PROBLEM: Check the records below line by line for the string "units". Give the number of lines that contain it and nothing else.

RECORDS TO USE:
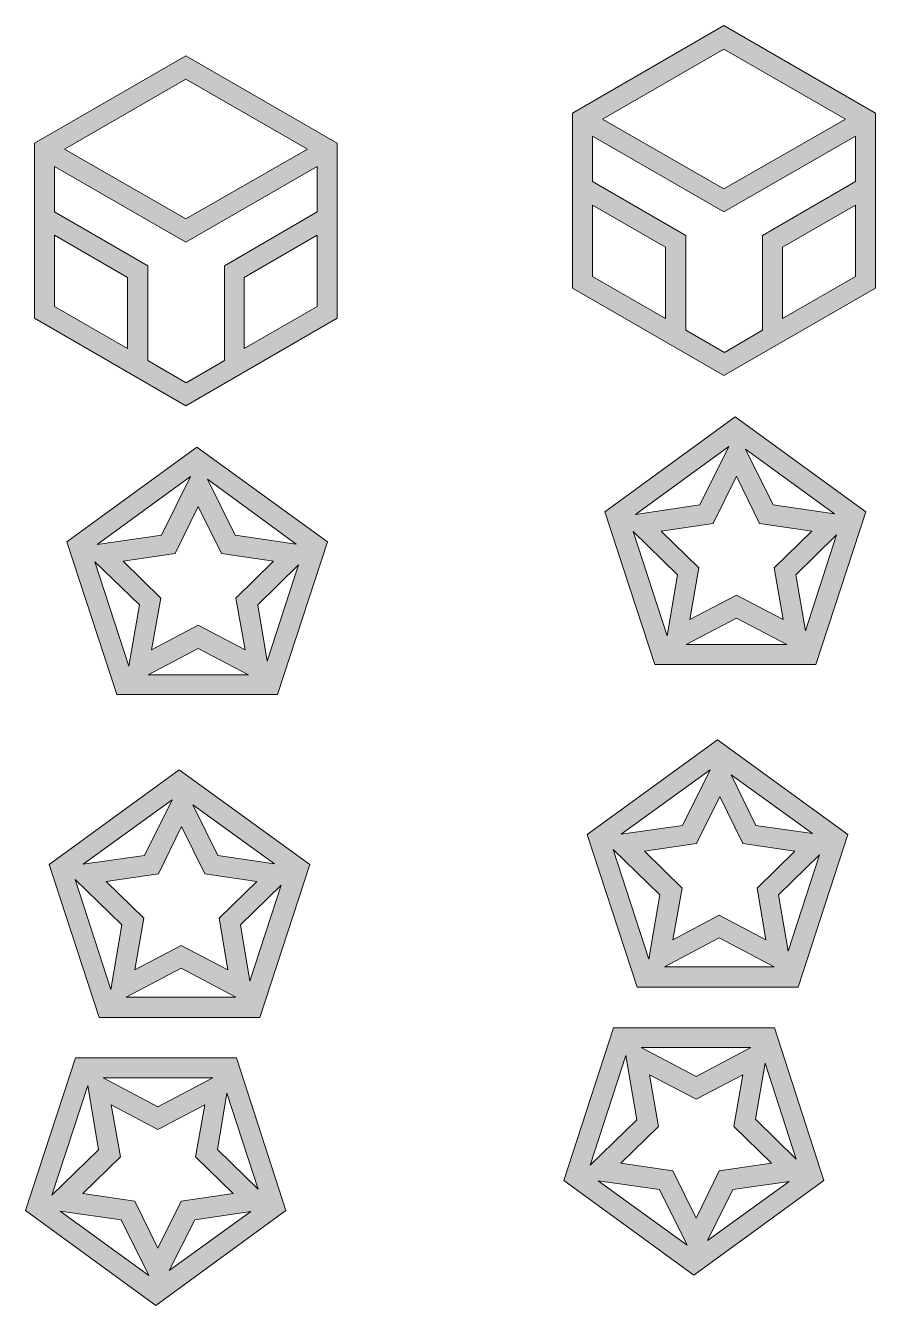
# Model space of a CAD drawing. Header units: millimetres. Extents: x -141 to 330, y -120 to 328.
# Drawn here: x 209.5 to 275.6, y 117.1 to 216.6 of the extents above; entities that cross this region are included whole.
import ezdxf

# ---------------------------------------------------------------- set-up
doc = ezdxf.new("R2010")
doc.units = ezdxf.units.MM
doc.header["$MEASUREMENT"] = 0
doc.layers.add('Layer 1', color=7, linetype='Continuous', lineweight=0)

msp = doc.modelspace()

# ---------------------------------------------------------------- hatches: boundary and pattern name
at = {"layer": 'Layer 1', "true_color": 0x231f20, "transparency": 33554687}
h = msp.add_hatch(color=250, dxfattribs=at)
h.dxf.hatch_style = 2
edge = h.paths.add_edge_path()
edge.add_spline(control_points=[(268.358, 193.834), (268.358, 193.834), (268.358, 199.372), (268.358, 199.372), (268.358, 199.372), (274.038, 202.653), (274.038, 202.653), (274.038, 202.653), (274.038, 197.115), (274.038, 197.115), (274.038, 197.115), (268.358, 193.834), (268.358, 193.834)], knot_values=[0, 0, 0, 0, 1, 1, 1, 2, 2, 2, 3, 3, 3, 4, 4, 4, 4], degree=3, periodic=0)
edge = h.paths.add_edge_path()
edge.add_spline(control_points=[(260.844, 192.916), (260.844, 192.916), (260.844, 200.29), (260.844, 200.29), (260.844, 200.29), (253.577, 204.488), (253.577, 204.488), (253.577, 204.488), (253.577, 208.015), (253.577, 208.015), (253.577, 208.015), (263.807, 202.124), (263.807, 202.124), (263.807, 202.124), (274.038, 208.015), (274.038, 208.015), (274.038, 208.015), (274.038, 204.488), (274.038, 204.488), (274.038, 204.488), (266.806, 200.29), (266.806, 200.29), (266.806, 200.29), (266.806, 192.916), (266.806, 192.916), (266.806, 192.916), (263.842, 191.188), (263.842, 191.188), (263.842, 191.188), (260.844, 192.916), (260.844, 192.916)], knot_values=[0, 0, 0, 0, 1, 1, 1, 2, 2, 2, 3, 3, 3, 4, 4, 4, 5, 5, 5, 6, 6, 6, 7, 7, 7, 8, 8, 8, 9, 9, 9, 10, 10, 10, 10], degree=3, periodic=0)
edge = h.paths.add_edge_path()
edge.add_spline(control_points=[(253.577, 202.653), (253.577, 202.653), (259.256, 199.372), (259.256, 199.372), (259.256, 199.372), (259.256, 193.834), (259.256, 193.834), (259.256, 193.834), (253.577, 197.115), (253.577, 197.115), (253.577, 197.115), (253.577, 202.653), (253.577, 202.653)], knot_values=[0, 0, 0, 0, 1, 1, 1, 2, 2, 2, 3, 3, 3, 4, 4, 4, 4], degree=3, periodic=0)
edge = h.paths.add_edge_path()
edge.add_spline(control_points=[(273.262, 209.356), (273.262, 209.356), (263.807, 203.923), (263.807, 203.923), (263.807, 203.923), (254.353, 209.356), (254.353, 209.356), (254.353, 209.356), (263.807, 214.789), (263.807, 214.789), (263.807, 214.789), (273.262, 209.356), (273.262, 209.356)], knot_values=[0, 0, 0, 0, 1, 1, 1, 2, 2, 2, 3, 3, 3, 4, 4, 4, 4], degree=3, periodic=0)
edge = h.paths.add_edge_path()
edge.add_spline(control_points=[(263.807, 216.623), (263.807, 216.623), (252.024, 209.815), (252.024, 209.815), (252.024, 209.815), (252.024, 196.197), (252.024, 196.197), (252.024, 196.197), (263.807, 189.389), (263.807, 189.389), (263.807, 189.389), (275.59, 196.197), (275.59, 196.197), (275.59, 196.197), (275.59, 209.815), (275.59, 209.815), (275.59, 209.815), (263.807, 216.623), (263.807, 216.623)], knot_values=[0, 0, 0, 0, 1, 1, 1, 2, 2, 2, 3, 3, 3, 4, 4, 4, 5, 5, 5, 6, 6, 6, 6], degree=3, periodic=0)
h = msp.add_hatch(color=250, dxfattribs=at)
h.dxf.hatch_style = 2
edge = h.paths.add_edge_path()
edge.add_spline(control_points=[(226.483, 191.488), (226.483, 191.488), (226.483, 197.026), (226.483, 197.026), (226.483, 197.026), (232.163, 200.307), (232.163, 200.307), (232.163, 200.307), (232.163, 194.769), (232.163, 194.769), (232.163, 194.769), (226.483, 191.488), (226.483, 191.488)], knot_values=[0, 0, 0, 0, 1, 1, 1, 2, 2, 2, 3, 3, 3, 4, 4, 4, 4], degree=3, periodic=0)
edge = h.paths.add_edge_path()
edge.add_spline(control_points=[(218.969, 190.571), (218.969, 190.571), (218.969, 197.944), (218.969, 197.944), (218.969, 197.944), (211.702, 202.142), (211.702, 202.142), (211.702, 202.142), (211.702, 205.669), (211.702, 205.669), (211.702, 205.669), (221.933, 199.778), (221.933, 199.778), (221.933, 199.778), (232.163, 205.669), (232.163, 205.669), (232.163, 205.669), (232.163, 202.142), (232.163, 202.142), (232.163, 202.142), (224.931, 197.944), (224.931, 197.944), (224.931, 197.944), (224.931, 190.571), (224.931, 190.571), (224.931, 190.571), (221.968, 188.842), (221.968, 188.842), (221.968, 188.842), (218.969, 190.571), (218.969, 190.571)], knot_values=[0, 0, 0, 0, 1, 1, 1, 2, 2, 2, 3, 3, 3, 4, 4, 4, 5, 5, 5, 6, 6, 6, 7, 7, 7, 8, 8, 8, 9, 9, 9, 10, 10, 10, 10], degree=3, periodic=0)
edge = h.paths.add_edge_path()
edge.add_spline(control_points=[(211.702, 200.307), (211.702, 200.307), (217.382, 197.026), (217.382, 197.026), (217.382, 197.026), (217.382, 191.488), (217.382, 191.488), (217.382, 191.488), (211.702, 194.769), (211.702, 194.769), (211.702, 194.769), (211.702, 200.307), (211.702, 200.307)], knot_values=[0, 0, 0, 0, 1, 1, 1, 2, 2, 2, 3, 3, 3, 4, 4, 4, 4], degree=3, periodic=0)
edge = h.paths.add_edge_path()
edge.add_spline(control_points=[(231.387, 207.01), (231.387, 207.01), (221.933, 201.577), (221.933, 201.577), (221.933, 201.577), (212.478, 207.01), (212.478, 207.01), (212.478, 207.01), (221.933, 212.443), (221.933, 212.443), (221.933, 212.443), (231.387, 207.01), (231.387, 207.01)], knot_values=[0, 0, 0, 0, 1, 1, 1, 2, 2, 2, 3, 3, 3, 4, 4, 4, 4], degree=3, periodic=0)
edge = h.paths.add_edge_path()
edge.add_spline(control_points=[(221.933, 214.277), (221.933, 214.277), (210.15, 207.469), (210.15, 207.469), (210.15, 207.469), (210.15, 193.851), (210.15, 193.851), (210.15, 193.851), (221.933, 187.043), (221.933, 187.043), (221.933, 187.043), (233.715, 193.851), (233.715, 193.851), (233.715, 193.851), (233.715, 207.469), (233.715, 207.469), (233.715, 207.469), (221.933, 214.277), (221.933, 214.277)], knot_values=[0, 0, 0, 0, 1, 1, 1, 2, 2, 2, 3, 3, 3, 4, 4, 4, 5, 5, 5, 6, 6, 6, 6], degree=3, periodic=0)
h = msp.add_hatch(color=250, dxfattribs=at)
h.dxf.hatch_style = 2
edge = h.paths.add_edge_path()
edge.add_spline(control_points=[(270.14, 169.527), (270.14, 169.527), (269.399, 173.902), (269.399, 173.902), (269.399, 173.902), (272.574, 177.006), (272.574, 177.006), (272.574, 177.006), (270.14, 169.527), (270.14, 169.527)], knot_values=[0, 0, 0, 0, 1, 1, 1, 2, 2, 2, 3, 3, 3, 3], degree=3, periodic=0)
edge = h.paths.add_edge_path()
edge.add_spline(control_points=[(256.734, 177.253), (256.734, 177.253), (260.191, 173.902), (260.191, 173.902), (260.191, 173.902), (259.38, 169.139), (259.38, 169.139), (259.38, 169.139), (256.734, 177.253), (256.734, 177.253)], knot_values=[0, 0, 0, 0, 1, 1, 1, 2, 2, 2, 3, 3, 3, 3], degree=3, periodic=0)
edge = h.paths.add_edge_path()
edge.add_spline(control_points=[(267.635, 179.335), (267.635, 179.335), (265.483, 183.674), (265.483, 183.674), (265.483, 183.674), (272.397, 178.629), (272.397, 178.629), (272.397, 178.629), (267.635, 179.335), (267.635, 179.335)], knot_values=[0, 0, 0, 0, 1, 1, 1, 2, 2, 2, 3, 3, 3, 3], degree=3, periodic=0)
edge = h.paths.add_edge_path()
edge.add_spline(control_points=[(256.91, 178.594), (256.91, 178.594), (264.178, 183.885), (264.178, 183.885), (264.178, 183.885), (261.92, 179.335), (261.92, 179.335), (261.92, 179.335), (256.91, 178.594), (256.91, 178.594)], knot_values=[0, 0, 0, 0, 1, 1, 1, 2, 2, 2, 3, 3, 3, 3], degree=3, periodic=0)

REPLY TO THE TASK: 2